Monterrey metro station

The Padre Mier Station (Estación Padre Mier) is a station on Line 2 of the Monterrey Metro. It is located in the intersection of Padre Mier street and Juarez Avenue in the Monterrey centre. The station was opened on 30 November 1994 as part of the inaugural section of Line 2, between General Anaya and Zaragoza.

This station serves the heart of the Monterrey shopping district, it is one block away of Morelos street, and Monterrey's Zona Rosa. It is accessible for people with disabilities.

This station is named after Padre Mier street, and its logo represents a stylized headshot of Fray Servando Teresa de Mier (Padre Mier), an important cleric and politician who played a key part in Mexico's Independence.

== Maintenance improvements ==
On February 10, 2023, all exits but the eastern exit were closed for improvements to the deteriorating station.

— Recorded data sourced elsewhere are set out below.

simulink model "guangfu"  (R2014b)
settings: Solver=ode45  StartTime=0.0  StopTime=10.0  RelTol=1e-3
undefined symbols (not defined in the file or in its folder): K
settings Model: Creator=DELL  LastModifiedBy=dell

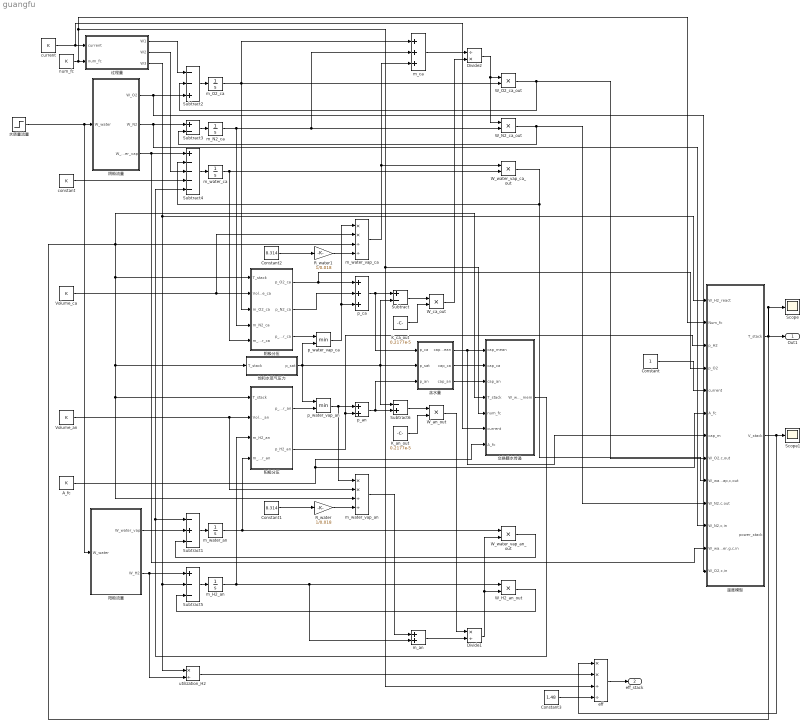
== system guangfu ==
  A_fc : Constant  Value=K
  Constant : Constant
  Constant1 : Constant  Value=8.314
  Constant2 : Constant  Value=8.314
  Constant3 : Constant  Value=1.48
  Divide1 : Product  Inputs=*/
  Divide2 : Product  Inputs=/*
  K_an_out : Constant  Value=0.2177e-5
  K_ca_out : Constant  Value=0.2177e-5
  R_water : Gain  Gain=1/0.018
  R_water1 : Gain  Gain=1/0.018
  Scope : Scope
  Scope1 : Scope
  Subtract : Sum  Inputs=+-
  Subtract1 : Sum  Inputs=-+-
  Subtract2 : Sum  Inputs=--+
  Subtract3 : Sum  Inputs=+-
  Subtract4 : Sum  Inputs=+----
  Subtract5 : Sum  Inputs=+--
  Subtract6 : Sum  Inputs=-+
  Volume_an : Constant  Value=K
  Volume_ca : Constant  Value=K
  W_H2_an_out : Product
  W_N2_ca_out : Product
  W_O2_ca_out : Product
  W_an_out : Product
  W_ca_out : Product
  W_water_vap_an_out : Product
  W_water_vap_ca_out : Product
  constant : Constant  Value=K
  current : Constant  Value=K
  eff : Product  Inputs=**//
  m_H2_an : Integrator
  m_N2_ca : Integrator
  m_O2_ca : Integrator
  m_an : Sum
  m_ca : Sum  Inputs=+++
  m_water_an : Integrator
  m_water_ca : Integrator
  m_water_vap_an : Product  Inputs=**//
  m_water_vap_ca : Product  Inputs=**//
  num_fc : Constant  Value=K
  p_an : Sum
  p_ca : Sum  Inputs=3
  p_water_vap_an : MinMax  Inputs=2
  p_water_vap_ca : MinMax  Inputs=2
  utilization_H2 : Product  Inputs=*/
  交换膜水传递 : Subsystem  TreatAsAtomicUnit=on
  含水量 : Subsystem
  水质量流量 : Step  SampleTime=0
  温度模型 : Subsystem
  过程量 : Subsystem
  阳极分压 : Subsystem
  阳极流量 : Subsystem
  阴极分压 : Subsystem
  阴极流量 : Subsystem  TreatAsAtomicUnit=on
  饱和水蒸气压力 : Subsystem
  Out1 : Outport
  eff_stack : Outport  Port=2
  wires:
  温度模型/2(V_stack) -> Scope1/1, eff/1
  Constant/1 -> 温度模型/5(current)
  Volume_ca/1 -> m_water_vap_ca/2, 阴极分压/2(Volume_ca)
  阴极分压/3(p_water_ca) -> p_water_vap_ca/1
  饱和水蒸气压力/1(p_sat) -> p_water_vap_an/1, Subtract/2, 含水量/2(p_sat), Subtract6/1, p_water_vap_ca/2
  p_water_vap_ca/1 -> m_water_vap_ca/1, p_ca/3
  p_ca/1 -> Subtract/1, 含水量/1(p_ca)
  Subtract/1 -> W_ca_out/1
  K_ca_out/1 -> W_ca_out/2
  阴极流量/1(W_O2) -> 温度模型/13(W_O2,c,in), Subtract2/3
  过程量/3(W3) -> utilization_H2/1, Subtract5/2, 温度模型/1(W_H2_react)
  过程量/1(W1) -> Subtract2/1
  Subtract2/1 -> m_O2_ca/1
  阴极流量/2(W_N2) -> 温度模型/11(W_N2,c,in), Subtract3/1
  Subtract3/1 -> m_N2_ca/1
  阴极流量/3(W_water_vap) -> 温度模型/12(W_water,g,c,in), Subtract4/1
  Subtract4/1 -> m_water_ca/1
  过程量/2(W2) -> Subtract4/3
  constant/1 -> Subtract4/4
  m_O2_ca/1 -> W_O2_ca_out/2, m_ca/1, 阴极分压/3(m_O2_ca)
  m_N2_ca/1 -> W_N2_ca_out/2, m_ca/2, 阴极分压/4(m_N2_ca)
  温度模型/1(T_stack) -> m_water_vap_an/3, 阳极分压/1(T_stack), 饱和水蒸气压力/1(T_stack), 阴极分压/1(T_stack), 交换膜水传递/4(T_stack), m_water_vap_ca/3, Scope/1, Out1/1
  m_water_vap_ca/1 -> m_ca/3, W_water_vap_ca_out/1
  m_water_ca/1 -> W_water_vap_ca_out/2, 阴极分压/5(m_water_ca)
  Constant2/1 -> R_water1/1
  R_water1/1 -> m_water_vap_ca/4
  阴极分压/2(p_N2_ca) -> p_ca/2
  m_ca/1 -> Divide2/1
  W_ca_out/1 -> Divide2/2
  Divide2/1 -> W_N2_ca_out/1, W_O2_ca_out/1
  W_O2_ca_out/1 -> 温度模型/8(W_O2,c,out), Subtract2/2
  W_N2_ca_out/1 -> 温度模型/10(W_N2,c,out), Subtract3/2
  W_water_vap_ca_out/1 -> Subtract4/2, 温度模型/9(W_water,vap,c,out)
  交换膜水传递/1(W_water_mem) -> Subtract4/5, Subtract1/1
  水质量流量/1 -> 阳极流量/1(W_water), 阴极流量/1(W_water)
  阳极流量/2(W_H2) -> utilization_H2/2, Subtract5/1
  Subtract5/1 -> m_H2_an/1
  Subtract1/1 -> m_water_an/1
  阳极分压/1(p_water_an) -> p_water_vap_an/2
  p_water_vap_an/1 -> p_an/1, m_water_vap_an/1
  阳极分压/2(p_H2_an) -> 温度模型/3(p_H2), p_an/2
  Constant1/1 -> R_water/1
  R_water/1 -> m_water_vap_an/4
  Volume_an/1 -> 阳极分压/2(Volume_an), m_water_vap_an/2
  Subtract6/1 -> W_an_out/1
  K_an_out/1 -> W_an_out/2
  m_water_vap_an/1 -> m_an/1
  m_H2_an/1 -> 阳极分压/3(m_H2_an), W_H2_an_out/1, m_an/2
  W_an_out/1 -> Divide1/1
  m_an/1 -> Divide1/2
  m_water_an/1 -> 阳极分压/4(m_water_an), W_water_vap_an_out/1
  Divide1/1 -> W_H2_an_out/2, W_water_vap_an_out/2
  阳极流量/1(W_water_vap) -> Subtract1/2
  W_water_vap_an_out/1 -> Subtract1/3
  W_H2_an_out/1 -> Subtract5/3
  p_an/1 -> Subtract6/2, 含水量/3(p_an)
  含水量/1(cap_mean) -> 温度模型/7(cap_m), 交换膜水传递/1(cap_mean)
  current/1 -> 交换膜水传递/6(current), 过程量/1(current)
  含水量/2(cap_ca) -> 交换膜水传递/2(cap_ca)
  含水量/3(cap_an) -> 交换膜水传递/3(cap_an)
  A_fc/1 -> 温度模型/6(A_fc), 交换膜水传递/7(A_fc)
  utilization_H2/1 -> eff/2
  num_fc/1 -> 温度模型/2(Num_fc), eff/3, 交换膜水传递/5(num_fc), 过程量/2(num_fc)
  Constant3/1 -> eff/4
  eff/1 -> eff_stack/1
  阴极分压/1(p_O2_ca) -> 温度模型/4(p_O2), p_ca/1

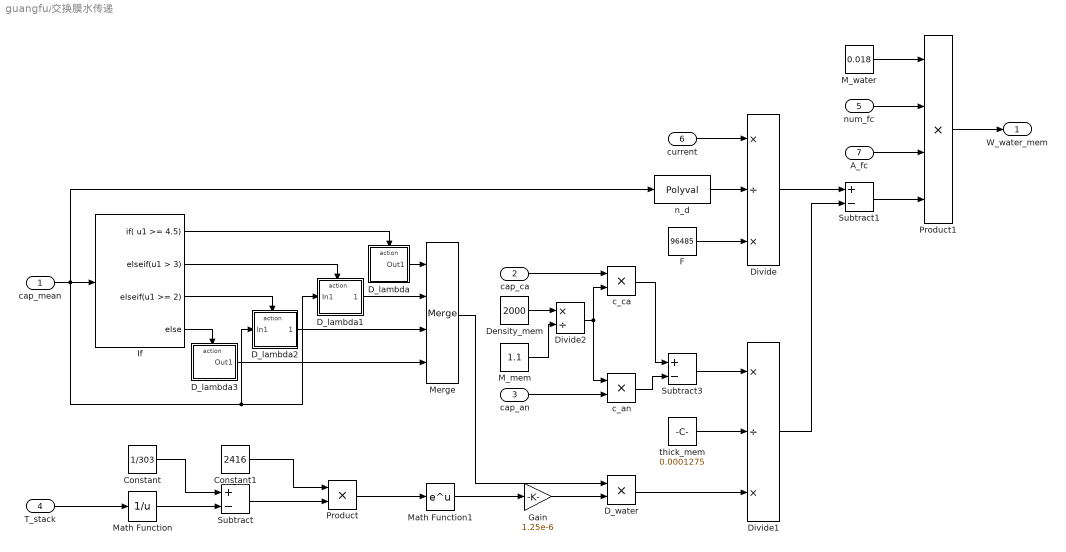
== system guangfu/交换膜水传递 ==
  cap_mean : Inport
  cap_ca : Inport  Port=2
  cap_an : Inport  Port=3
  T_stack : Inport  Port=4
  num_fc : Inport  Port=5
  current : Inport  Port=6
  A_fc : Inport  Port=7
  Constant : Constant  Value=1/303
  Constant1 : Constant  Value=2416
  D_lambda : Subsystem  TreatAsAtomicUnit=on
  D_lambda1 : Subsystem  TreatAsAtomicUnit=on
  D_lambda2 : Subsystem  TreatAsAtomicUnit=on
  D_lambda3 : Subsystem  TreatAsAtomicUnit=on
  D_water : Product
  Density_mem : Constant  Value=2000
  Divide : Product  Inputs=*/*
  Divide1 : Product  Inputs=*/*
  Divide2 : Product  Inputs=*/
  F : Constant  Value=96485
  Gain : Gain  Gain=1.25e-6
  If : If  IfExpression=u1 >= 4.5  ElseIfExpressions=u1 > 3,u1 >= 2  ZeroCross=off
  M_mem : Constant  Value=1.1
  M_water : Constant  Value=0.018
  Math Function : Math  Operator=reciprocal  SaturateOnIntegerOverflow=on
  Math Function1 : Math  SaturateOnIntegerOverflow=on
  Merge : Merge  Inputs=4
  Product : Product
  Product1 : Product  Inputs=4
  Subtract : Sum  Inputs=+-
  Subtract1 : Sum  Inputs=+-
  Subtract3 : Sum  Inputs=+-
  c_an : Product
  c_ca : Product
  n_d : Polyval  Coefs=[0.0029,0.05,-3.4e-19]
  thick_mem : Constant  Value=0.0001275
  W_water_mem : Outport
  wires:
  If/1 -> D_lambda/Action
  If/2 -> D_lambda1/Action
  If/3 -> D_lambda2/Action
  If/4 -> D_lambda3/Action
  D_lambda/1(Out1) -> Merge/1
  D_lambda1/1(Out1) -> Merge/2
  D_lambda2/1(Out1) -> Merge/3
  D_lambda3/1(Out1) -> Merge/4
  T_stack/1 -> Math Function/1
  Math Function/1 -> Subtract/2
  Constant/1 -> Subtract/1
  Subtract/1 -> Product/2
  Constant1/1 -> Product/1
  Product/1 -> Math Function1/1
  Math Function1/1 -> Gain/1
  Merge/1 -> D_water/1
  cap_mean/1 -> n_d/1, D_lambda1/1(In1), D_lambda2/1(In1), If/1
  n_d/1 -> Divide/2
  F/1 -> Divide/3
  current/1 -> Divide/1
  cap_ca/1 -> c_ca/1
  Divide/1 -> Subtract1/1
  Divide1/1 -> Subtract1/2
  D_water/1 -> Divide1/3
  thick_mem/1 -> Divide1/2
  Subtract3/1 -> Divide1/1
  Subtract1/1 -> Product1/4
  A_fc/1 -> Product1/3
  num_fc/1 -> Product1/2
  M_water/1 -> Product1/1
  Product1/1 -> W_water_mem/1
  M_mem/1 -> Divide2/2
  Density_mem/1 -> Divide2/1
  Divide2/1 -> c_an/1, c_ca/2
  c_an/1 -> Subtract3/2
  c_ca/1 -> Subtract3/1
  cap_an/1 -> c_an/2
  Gain/1 -> D_water/2

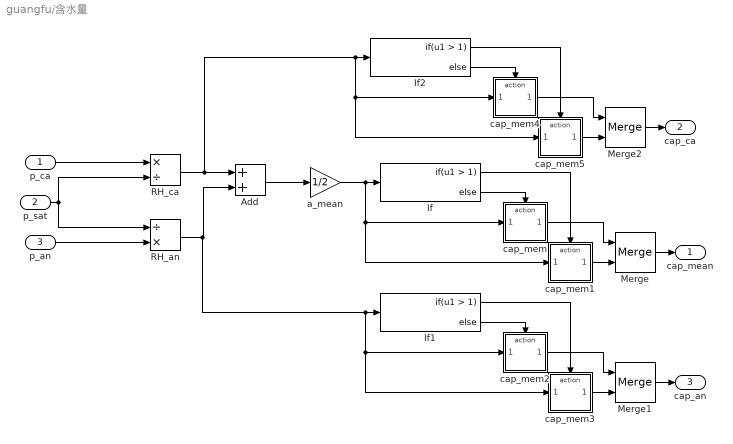
== system guangfu/含水量 ==
  p_ca : Inport
  p_sat : Inport  Port=2
  p_an : Inport  Port=3
  Add : Sum
  If : If  IfExpression=u1 > 1
  If1 : If  IfExpression=u1 > 1
  If2 : If  IfExpression=u1 > 1
  Merge : Merge
  Merge1 : Merge
  Merge2 : Merge
  RH_an : Product  Inputs=/*
  RH_ca : Product  Inputs=*/
  a_mean : Gain  Gain=1/2
  cap_mem : Subsystem  TreatAsAtomicUnit=on
  cap_mem1 : Subsystem  TreatAsAtomicUnit=on
  cap_mem2 : Subsystem  TreatAsAtomicUnit=on
  cap_mem3 : Subsystem  TreatAsAtomicUnit=on
  cap_mem4 : Subsystem  TreatAsAtomicUnit=on
  cap_mem5 : Subsystem  TreatAsAtomicUnit=on
  cap_mean : Outport
  cap_ca : Outport  Port=2
  cap_an : Outport  Port=3
  wires:
  Add/1 -> a_mean/1
  cap_mem/1(Out1) -> Merge/1
  a_mean/1 -> cap_mem1/1(In1), cap_mem/1(In1), If/1
  Merge/1 -> cap_mean/1
  If/2 -> cap_mem/Action
  p_ca/1 -> RH_ca/1
  cap_mem1/1(Out1) -> Merge/2
  If/1 -> cap_mem1/Action
  p_sat/1 -> RH_ca/2, RH_an/1
  p_an/1 -> RH_an/2
  cap_mem2/1(Out1) -> Merge1/1
  RH_an/1 -> cap_mem3/1(In1), cap_mem2/1(In1), If1/1, Add/2
  Merge1/1 -> cap_an/1
  If1/2 -> cap_mem2/Action
  cap_mem3/1(Out1) -> Merge1/2
  If1/1 -> cap_mem3/Action
  cap_mem4/1(Out1) -> Merge2/1
  RH_ca/1 -> cap_mem5/1(In1), cap_mem4/1(In1), If2/1, Add/1
  Merge2/1 -> cap_ca/1
  If2/2 -> cap_mem4/Action
  cap_mem5/1(Out1) -> Merge2/2
  If2/1 -> cap_mem5/Action

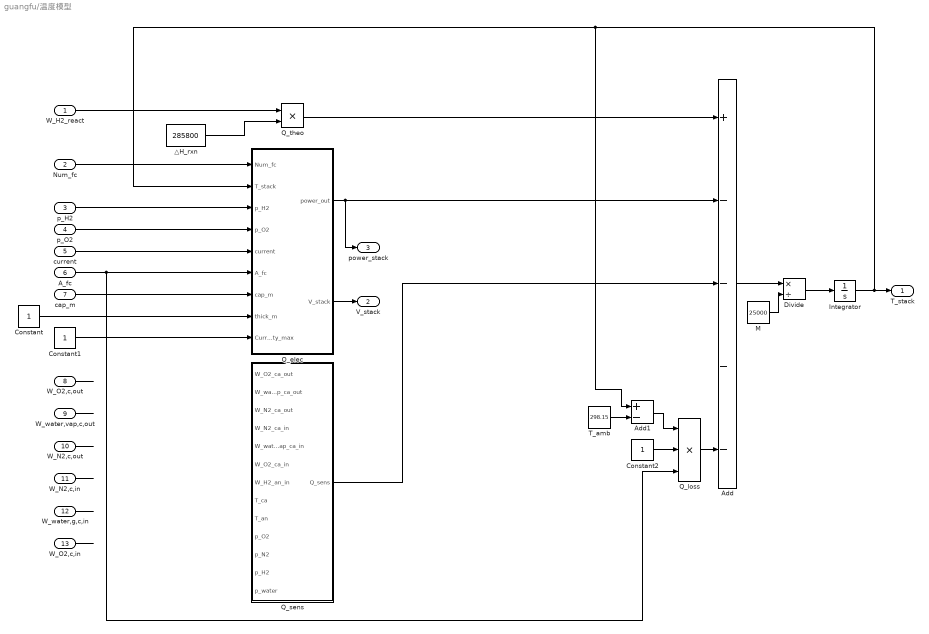
== system guangfu/温度模型 ==
  W_H2_react : Inport
  Num_fc : Inport  Port=2
  p_H2 : Inport  Port=3
  p_O2 : Inport  Port=4
  current : Inport  Port=5
  A_fc : Inport  Port=6
  cap_m : Inport  Port=7
  W_O2,c,out : Inport  Port=8
  W_water,vap,c,out : Inport  Port=9
  W_N2,c,out : Inport  Port=10
  W_N2,c,in : Inport  Port=11
  W_water,g,c,in : Inport  Port=12
  W_O2,c,in : Inport  Port=13
  Add : Sum  Inputs=+----
  Add1 : Sum  Inputs=+-
  Constant : Constant
  Constant1 : Constant
  Constant2 : Constant
  Divide : Product  Inputs=*/
  Integrator : Integrator
  M : Constant  Value=25000
  Q_elec : Subsystem
  Q_loss : Product  Inputs=3
  Q_sens : Subsystem
  Q_theo : Product
  T_amb : Constant  Value=298.15
  △H_rxn : Constant  Value=285800
  T_stack : Outport
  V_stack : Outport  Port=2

On April 1, 2023, the station, alongside Alameda and Fundadores stations, were completely closed, with a bus service between Zaragoza and Cuauhtémoc stations.

On May 10, 2023, Padre Mier was reopened, receiving a new and modern look with dark wall colors and stylish light fixtures including the Metrorrey logo, Monterrey’s famous hill Cerro de la Silla, and a lion representing the state Monterrey is located in, Nuevo León.